LeNet-5
wangzf / 2023-01-27
LeNet-5 简介
在神经网络的和深度学习领域,Yann LeCun 在 1998 年在 IEEE 上发表了 (Gradient-based learning applied to document recognition,1998), 文中首次提出了 卷积-池化-全连接 的神经网络结构, 由 LeCun 提出的七层网络命名为 LeNet-5,因而也为他赢得了 CNN 之父的美誉。
LeNet-5 网络结构
作为标准的卷积网络结构,LeNet-5 对后世的影响深远,以至于在 16 年后,谷歌提出 Inception 网络时也将其命名为 GoogLeNet, 以致敬 Yann LeCun 对卷积神经网络发展的贡献。然而 LeNet-5 提出后的十几年里,由于神经网络的可解释性问题和计算资源的限制, 神经网络的发展一直处于低谷。
LeNet-5 共有 5 层(输入输出层不计入层数,池化层与卷积层算 1 层). 每层都有一定的训练参数,其中三个卷积层的训练参数较多,每层都有多个滤波器(特征图), 每个滤波器都对上一层的输出提取不同的像素特征:
- Layer input:输入
- Layer 1:卷积-池化
- Layer 2:卷积-池化
- Layer 3:卷积(全连接)
- Layer 4:全连接
- Layer 5:全连接
- Layer output:输出
原始论文中的网络结构:
下面是对网络结构的详解:
As the name indicates,LeNet5 has 5 layers with two convolutional and three fully connected layers.
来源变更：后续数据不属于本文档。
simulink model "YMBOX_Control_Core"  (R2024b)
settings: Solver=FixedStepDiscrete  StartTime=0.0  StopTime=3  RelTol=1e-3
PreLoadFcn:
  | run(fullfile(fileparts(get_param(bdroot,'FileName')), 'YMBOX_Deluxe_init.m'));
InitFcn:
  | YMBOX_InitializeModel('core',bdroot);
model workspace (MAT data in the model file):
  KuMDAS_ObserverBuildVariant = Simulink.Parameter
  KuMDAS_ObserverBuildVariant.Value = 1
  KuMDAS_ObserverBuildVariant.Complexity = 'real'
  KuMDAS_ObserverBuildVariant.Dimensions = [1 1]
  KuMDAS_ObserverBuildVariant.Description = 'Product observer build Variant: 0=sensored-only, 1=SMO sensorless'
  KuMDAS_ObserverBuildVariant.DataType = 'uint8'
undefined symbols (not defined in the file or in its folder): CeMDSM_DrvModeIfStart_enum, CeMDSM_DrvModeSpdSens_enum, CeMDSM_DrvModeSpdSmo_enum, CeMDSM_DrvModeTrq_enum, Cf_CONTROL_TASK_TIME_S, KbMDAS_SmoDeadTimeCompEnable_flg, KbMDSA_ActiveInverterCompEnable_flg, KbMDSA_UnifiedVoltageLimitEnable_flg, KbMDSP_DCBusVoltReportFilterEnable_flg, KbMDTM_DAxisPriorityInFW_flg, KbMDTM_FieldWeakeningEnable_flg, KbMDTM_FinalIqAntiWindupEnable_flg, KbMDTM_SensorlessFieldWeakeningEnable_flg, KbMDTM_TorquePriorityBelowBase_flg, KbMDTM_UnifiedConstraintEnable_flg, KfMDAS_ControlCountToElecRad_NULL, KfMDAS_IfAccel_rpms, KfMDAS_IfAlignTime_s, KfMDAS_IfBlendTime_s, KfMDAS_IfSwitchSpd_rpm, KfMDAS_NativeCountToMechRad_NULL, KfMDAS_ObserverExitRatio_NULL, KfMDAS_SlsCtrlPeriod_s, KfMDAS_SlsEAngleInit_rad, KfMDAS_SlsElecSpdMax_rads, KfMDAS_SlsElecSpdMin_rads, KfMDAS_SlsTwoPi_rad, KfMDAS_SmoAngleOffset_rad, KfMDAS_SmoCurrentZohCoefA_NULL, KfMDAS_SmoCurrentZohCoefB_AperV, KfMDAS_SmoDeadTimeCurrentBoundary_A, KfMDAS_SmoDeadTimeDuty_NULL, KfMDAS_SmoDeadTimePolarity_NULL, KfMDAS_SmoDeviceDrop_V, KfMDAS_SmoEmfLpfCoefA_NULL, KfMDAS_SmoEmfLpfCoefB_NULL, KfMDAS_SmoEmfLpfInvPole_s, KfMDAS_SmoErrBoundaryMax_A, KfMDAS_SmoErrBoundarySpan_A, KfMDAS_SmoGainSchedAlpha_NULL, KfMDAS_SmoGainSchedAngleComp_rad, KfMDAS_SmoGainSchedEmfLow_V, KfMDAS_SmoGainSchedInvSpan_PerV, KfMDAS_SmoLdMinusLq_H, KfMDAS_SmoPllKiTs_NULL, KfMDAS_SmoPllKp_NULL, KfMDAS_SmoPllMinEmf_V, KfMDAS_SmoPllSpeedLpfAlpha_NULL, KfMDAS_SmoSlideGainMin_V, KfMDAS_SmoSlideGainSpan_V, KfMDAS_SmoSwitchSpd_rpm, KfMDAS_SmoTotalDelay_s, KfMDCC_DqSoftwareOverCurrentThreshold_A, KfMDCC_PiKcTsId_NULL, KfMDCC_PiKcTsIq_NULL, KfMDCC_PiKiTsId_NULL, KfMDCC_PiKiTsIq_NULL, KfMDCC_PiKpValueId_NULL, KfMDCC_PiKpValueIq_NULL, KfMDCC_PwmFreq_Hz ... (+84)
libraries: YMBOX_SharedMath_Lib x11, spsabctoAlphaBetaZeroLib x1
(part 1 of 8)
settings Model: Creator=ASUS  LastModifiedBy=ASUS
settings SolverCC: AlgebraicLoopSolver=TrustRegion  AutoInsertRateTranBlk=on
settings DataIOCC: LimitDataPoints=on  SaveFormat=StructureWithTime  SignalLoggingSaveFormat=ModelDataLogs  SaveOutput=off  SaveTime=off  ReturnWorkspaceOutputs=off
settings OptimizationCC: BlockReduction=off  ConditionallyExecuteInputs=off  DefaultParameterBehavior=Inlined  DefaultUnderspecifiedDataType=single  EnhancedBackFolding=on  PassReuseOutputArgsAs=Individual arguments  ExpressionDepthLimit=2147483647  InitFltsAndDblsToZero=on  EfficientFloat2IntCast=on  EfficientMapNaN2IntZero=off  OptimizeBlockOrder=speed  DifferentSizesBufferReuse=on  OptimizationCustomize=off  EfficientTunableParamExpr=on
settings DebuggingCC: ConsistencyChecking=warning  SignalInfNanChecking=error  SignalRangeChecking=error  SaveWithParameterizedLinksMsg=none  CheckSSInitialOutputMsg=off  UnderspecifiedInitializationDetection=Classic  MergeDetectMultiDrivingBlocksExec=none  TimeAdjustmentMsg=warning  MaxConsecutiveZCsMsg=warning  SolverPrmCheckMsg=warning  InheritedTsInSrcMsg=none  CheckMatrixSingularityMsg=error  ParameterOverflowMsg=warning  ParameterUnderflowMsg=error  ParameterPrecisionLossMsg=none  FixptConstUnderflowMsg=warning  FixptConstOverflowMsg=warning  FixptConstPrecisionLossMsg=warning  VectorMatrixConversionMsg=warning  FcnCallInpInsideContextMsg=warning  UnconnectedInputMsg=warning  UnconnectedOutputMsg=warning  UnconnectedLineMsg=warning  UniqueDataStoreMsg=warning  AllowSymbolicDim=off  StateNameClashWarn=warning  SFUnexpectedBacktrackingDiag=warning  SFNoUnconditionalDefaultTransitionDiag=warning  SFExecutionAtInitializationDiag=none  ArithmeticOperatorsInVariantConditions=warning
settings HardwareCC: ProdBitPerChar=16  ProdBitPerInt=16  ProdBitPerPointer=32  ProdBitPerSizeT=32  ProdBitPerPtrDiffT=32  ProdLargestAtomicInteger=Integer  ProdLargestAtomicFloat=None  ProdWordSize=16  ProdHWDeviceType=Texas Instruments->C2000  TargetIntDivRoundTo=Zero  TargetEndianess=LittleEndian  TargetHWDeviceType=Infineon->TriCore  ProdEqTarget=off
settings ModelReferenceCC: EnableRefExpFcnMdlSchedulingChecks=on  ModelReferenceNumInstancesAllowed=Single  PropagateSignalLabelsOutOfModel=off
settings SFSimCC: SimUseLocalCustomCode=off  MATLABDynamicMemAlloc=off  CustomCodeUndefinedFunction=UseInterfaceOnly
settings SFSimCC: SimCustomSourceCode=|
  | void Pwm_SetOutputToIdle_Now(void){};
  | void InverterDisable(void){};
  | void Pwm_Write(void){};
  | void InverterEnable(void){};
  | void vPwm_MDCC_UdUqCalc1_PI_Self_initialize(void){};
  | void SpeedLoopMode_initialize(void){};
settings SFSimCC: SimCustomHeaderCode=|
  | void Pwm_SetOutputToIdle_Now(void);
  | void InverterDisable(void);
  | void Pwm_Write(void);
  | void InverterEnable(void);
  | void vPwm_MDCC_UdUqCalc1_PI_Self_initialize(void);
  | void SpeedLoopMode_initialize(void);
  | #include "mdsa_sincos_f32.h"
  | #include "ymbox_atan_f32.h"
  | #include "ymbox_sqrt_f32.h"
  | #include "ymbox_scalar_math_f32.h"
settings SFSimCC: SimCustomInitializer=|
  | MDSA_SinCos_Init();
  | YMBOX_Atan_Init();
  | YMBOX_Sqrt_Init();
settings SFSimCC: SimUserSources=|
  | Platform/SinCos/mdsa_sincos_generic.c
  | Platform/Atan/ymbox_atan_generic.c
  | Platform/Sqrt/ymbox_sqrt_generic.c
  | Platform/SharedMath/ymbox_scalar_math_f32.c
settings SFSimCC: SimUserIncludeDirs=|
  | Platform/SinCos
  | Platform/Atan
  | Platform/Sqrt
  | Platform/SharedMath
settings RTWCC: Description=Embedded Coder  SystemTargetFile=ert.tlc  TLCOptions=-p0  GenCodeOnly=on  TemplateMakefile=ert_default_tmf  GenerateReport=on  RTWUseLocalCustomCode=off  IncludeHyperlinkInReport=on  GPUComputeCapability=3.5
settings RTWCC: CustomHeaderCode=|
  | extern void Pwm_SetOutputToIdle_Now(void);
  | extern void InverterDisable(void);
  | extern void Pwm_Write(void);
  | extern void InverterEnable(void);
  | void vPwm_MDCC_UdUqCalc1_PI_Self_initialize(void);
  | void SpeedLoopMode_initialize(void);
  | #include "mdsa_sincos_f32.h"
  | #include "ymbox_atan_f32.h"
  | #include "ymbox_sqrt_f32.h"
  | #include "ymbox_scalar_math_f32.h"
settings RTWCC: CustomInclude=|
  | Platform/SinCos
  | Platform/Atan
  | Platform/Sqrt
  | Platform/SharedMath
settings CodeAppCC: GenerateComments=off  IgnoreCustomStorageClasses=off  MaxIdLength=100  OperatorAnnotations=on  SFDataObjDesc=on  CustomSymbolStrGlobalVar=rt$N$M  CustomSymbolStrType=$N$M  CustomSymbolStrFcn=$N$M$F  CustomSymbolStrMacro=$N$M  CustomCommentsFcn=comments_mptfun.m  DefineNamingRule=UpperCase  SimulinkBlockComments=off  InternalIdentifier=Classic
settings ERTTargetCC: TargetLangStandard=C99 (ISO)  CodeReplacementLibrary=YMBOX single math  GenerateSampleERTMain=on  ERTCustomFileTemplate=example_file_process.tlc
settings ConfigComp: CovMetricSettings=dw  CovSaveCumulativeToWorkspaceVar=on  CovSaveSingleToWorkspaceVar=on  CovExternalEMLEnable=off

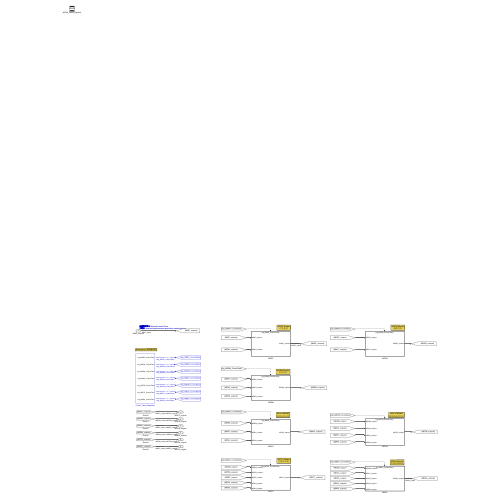
[thumbnail: Simulink's stored preview of the top-level diagram]
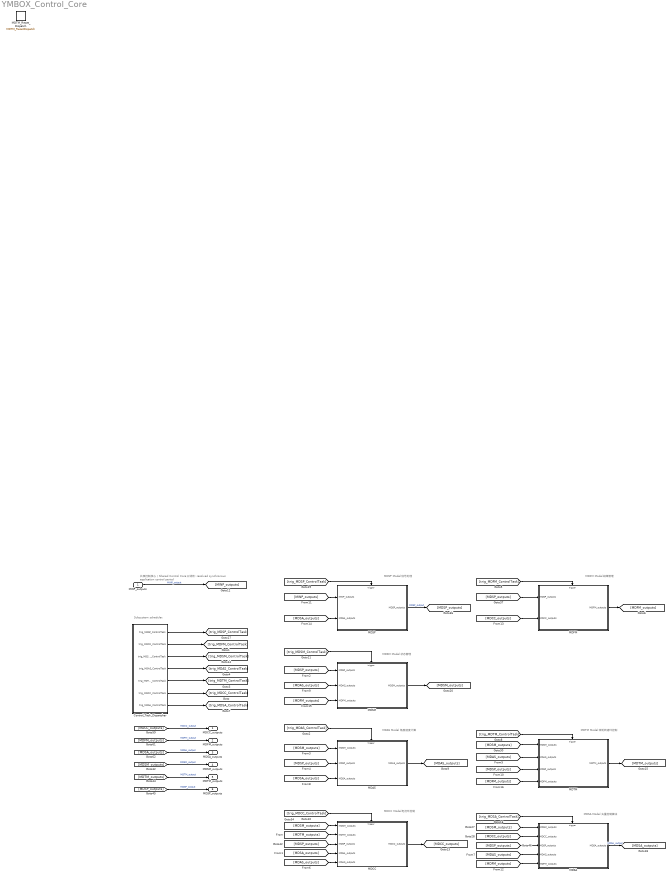
== system YMBOX_Control_Core ==
  note: Subsystem scheduler.
  note: MDFM Model
      | 故障管理
  note: MDCC Model
      | 电流环控制
  note: MDSA Model
      | 矢量控制算法
  note: MDTM Model
      | 转矩转速环控制
  note: MDSM Model
      | 状态管理
  note: MDAS Model
      | 角度速度计算
  note: 共享控制核心 / Shared Control Core
      | 父调用: resolved synchronous application control period
  note: MDSP Model
      | 信号处理
  MINP_outputs : Inport  OutDataTypeStr=Bus: MINP_output
  Control_Task_Dispatcher : Subsystem
  MDAS : Subsystem  TreatAsAtomicUnit=on  RTWFileName=AUXV_control
      settings: RTWSystemCode=Nonreusable function  RTWFileNameOpts=Use subsystem name
  MDCC : Subsystem  TreatAsAtomicUnit=on  RTWFileName=AUXV_control
      settings: RTWSystemCode=Nonreusable function  RTWFileNameOpts=Use subsystem name
  MDFM : Subsystem  TreatAsAtomicUnit=on  RTWFileName=AUXV_control
      settings: RTWSystemCode=Nonreusable function  RTWFileNameOpts=Use subsystem name
  MDSA : Subsystem  TreatAsAtomicUnit=on  RTWFileName=AUXV_control
      settings: RTWSystemCode=Nonreusable function  RTWFileNameOpts=Use subsystem name
  MDSM : Subsystem  TreatAsAtomicUnit=on  RTWFileName=AUXV_control
      settings: RTWSystemCode=Nonreusable function  RTWFileNameOpts=Use subsystem name
  MDSP : Subsystem
  MDTM : Subsystem  TreatAsAtomicUnit=on  RTWFileName=AUXV_control
      settings: RTWSystemCode=Nonreusable function  RTWFileNameOpts=Use subsystem name
  MDTM_Reset_Dispatch : DataStoreMemory  Description=MDSM writes the current fast-tick reset request before Scheduler reads it. Read only after trig_MDSM_ControlTask returns.  DataStoreName=MDTM_ResetDispatch  InitialValue=false  ShowAdditionalParam=off  OutDataTypeStr=boolean
  MDCC_outputs : Outport  OutDataTypeStr=Bus: MDCC_output
  MDFM_outputs : Outport  Port=2  OutDataTypeStr=Bus: MDFM_output
  MDSA_outputs : Outport  Port=3  OutDataTypeStr=Bus: MDSA_output
  MDSM_outputs : Outport  Port=4  OutDataTypeStr=Bus: MDSM_output
  MDTM_outputs : Outport  Port=5  OutDataTypeStr=Bus: MDTM_output
  MDSP_outputs : Outport  Port=6  OutDataTypeStr=Bus: MDSP_output
  wires:
  [MDFM_outputs] -> MDFM_outputs/1  "MDFM_output"
  [MDCC_outputs] -> MDCC_outputs/1  "MDCC_output"
  Control_Task_Dispatcher/5(trig_MDTM_ControlTask) -> [trig_MDTM_ControlTask]
  Control_Task_Dispatcher/7(trig_MDSA_ControlTask) -> [trig_MDSA_ControlTask]
  Control_Task_Dispatcher/6(trig_MDCC_ControlTask) -> [trig_MDCC_ControlTask]
  Control_Task_Dispatcher/2(trig_MDFM_ControlTask) -> [trig_MDFM_ControlTask]
  [MDSA_outputs] -> MDSA_outputs/1  "MDSA_output"
  Control_Task_Dispatcher/3(trig_MDSM_ControlTask) -> [trig_MDSM_ControlTask]
  [MDTM_outputs] -> MDTM_outputs/1  "MDTM_output"
  [MDSM_outputs] -> MDSM_outputs/1  "MDSM_output"
  [trig_MDFM_ControlTask] -> MDFM/Trigger
  MDFM/1(MDFM_outputs) -> [MDFM_outputs]
  [trig_MDCC_ControlTask] -> MDCC/Trigger
  MDCC/1(MDCC_outputs) -> [MDCC_outputs]
  [trig_MDSA_ControlTask] -> MDSA/Trigger
  MDSA/1(MDSA_outputs) -> [MDSA_outputs]  "MDSA_output"
  [trig_MDTM_ControlTask] -> MDTM/Trigger
  MDTM/1(MDTM_outputs) -> [MDTM_outputs]
  [trig_MDSM_ControlTask] -> MDSM/Trigger
  MDSM/1(MDSM_outputs) -> [MDSM_outputs]
  [MDSM_outputs] -> MDSA/1(MDSM_outputs)
  [MDCC_outputs] -> MDSA/2(MDCC_outputs)
  [MDSM_outputs] -> MDTM/1(MDSM_outputs)
  [MDSM_outputs] -> MDCC/1(MDSM_outputs)
  [MDTM_outputs] -> MDCC/2(MDTM_outputs)
  [MDSP_outputs] -> MDFM/1(MDSP_outputs)
  [MDSP_outputs] -> MDCC/3(MDSP_outputs)
  [MDSP_outputs] -> MDSA/3(MDSP_outputs)
  [MDSP_outputs] -> MDSP_outputs/1  "MDSP_output"
  [MDSP_outputs] -> MDSM/1(MDSP_outputs)
  [MDSA_outputs] -> MDCC/4(MDSA_outputs)
  Control_Task_Dispatcher/4(trig_MDAS_ControlTask) -> [trig_MDAS_ControlTask]
  [trig_MDAS_ControlTask] -> MDAS/Trigger
  [MDSM_outputs] -> MDAS/1(MDSM_outputs)
  [MDSP_outputs] -> MDAS/2(MDSP_outputs)
  MDAS/1(MDAS_outputs) -> [MDAS_outputs]
  [MDAS_outputs] -> MDTM/2(MDAS_outputs)
  [MDAS_outputs] -> MDCC/5(MDAS_outputs)
  [MDAS_outputs] -> MDSA/4(MDAS_outputs)
  [MDSA_outputs] -> MDAS/3(MDSA_outputs)
  [MDAS_outputs] -> MDSM/2(MDAS_outputs)
  [MDSP_outputs] -> MDTM/3(MDSP_outputs)
  MDSP/1(MDSP_outputs) -> [MDSP_outputs]  "MDSP_output"
  MINP_outputs/1 -> [MINP_outputs]  "MINP_output"
  [MINP_outputs] -> MDSP/1(MINP_outputs)
  [trig_MDSP_ControlTask] -> MDSP/Trigger
  Control_Task_Dispatcher/1(trig_MDSP_ControlTask) -> [trig_MDSP_ControlTask]
  [MDSA_outputs] -> MDSP/2(MDSA_outputs)
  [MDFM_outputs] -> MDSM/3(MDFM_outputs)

Let’s start with the input. LeNet5 accepts as input a greyscale image of 32x32, indicating that the architecture is not suitable for RGB images (multiple channels). So the input image should contain just one channel. After this,we start with our convolutional layers.
The first convolutional layer has a filter size of 5x5 with 6 such filters. This will reduce the width and height of the image while increasing the depth (number of channels). The output would be 28x28x6. After this,pooling is applied to decrease the feature map by half, i.e,14x14x6. Same filter size (5x5) with 16 filters is now applied to the output followed by a pooling layer. This reduces the output feature map to 5x5x16.
After this,a convolutional layer of size 5x5 with 120 filters is applied to flatten the feature map to 120 values. Then comes the first fully connected layer,with 84 neurons. Finally,we have the output layer which has 10 output neurons, since the MNIST data have 10 classes for each of the represented 10 numerical digits.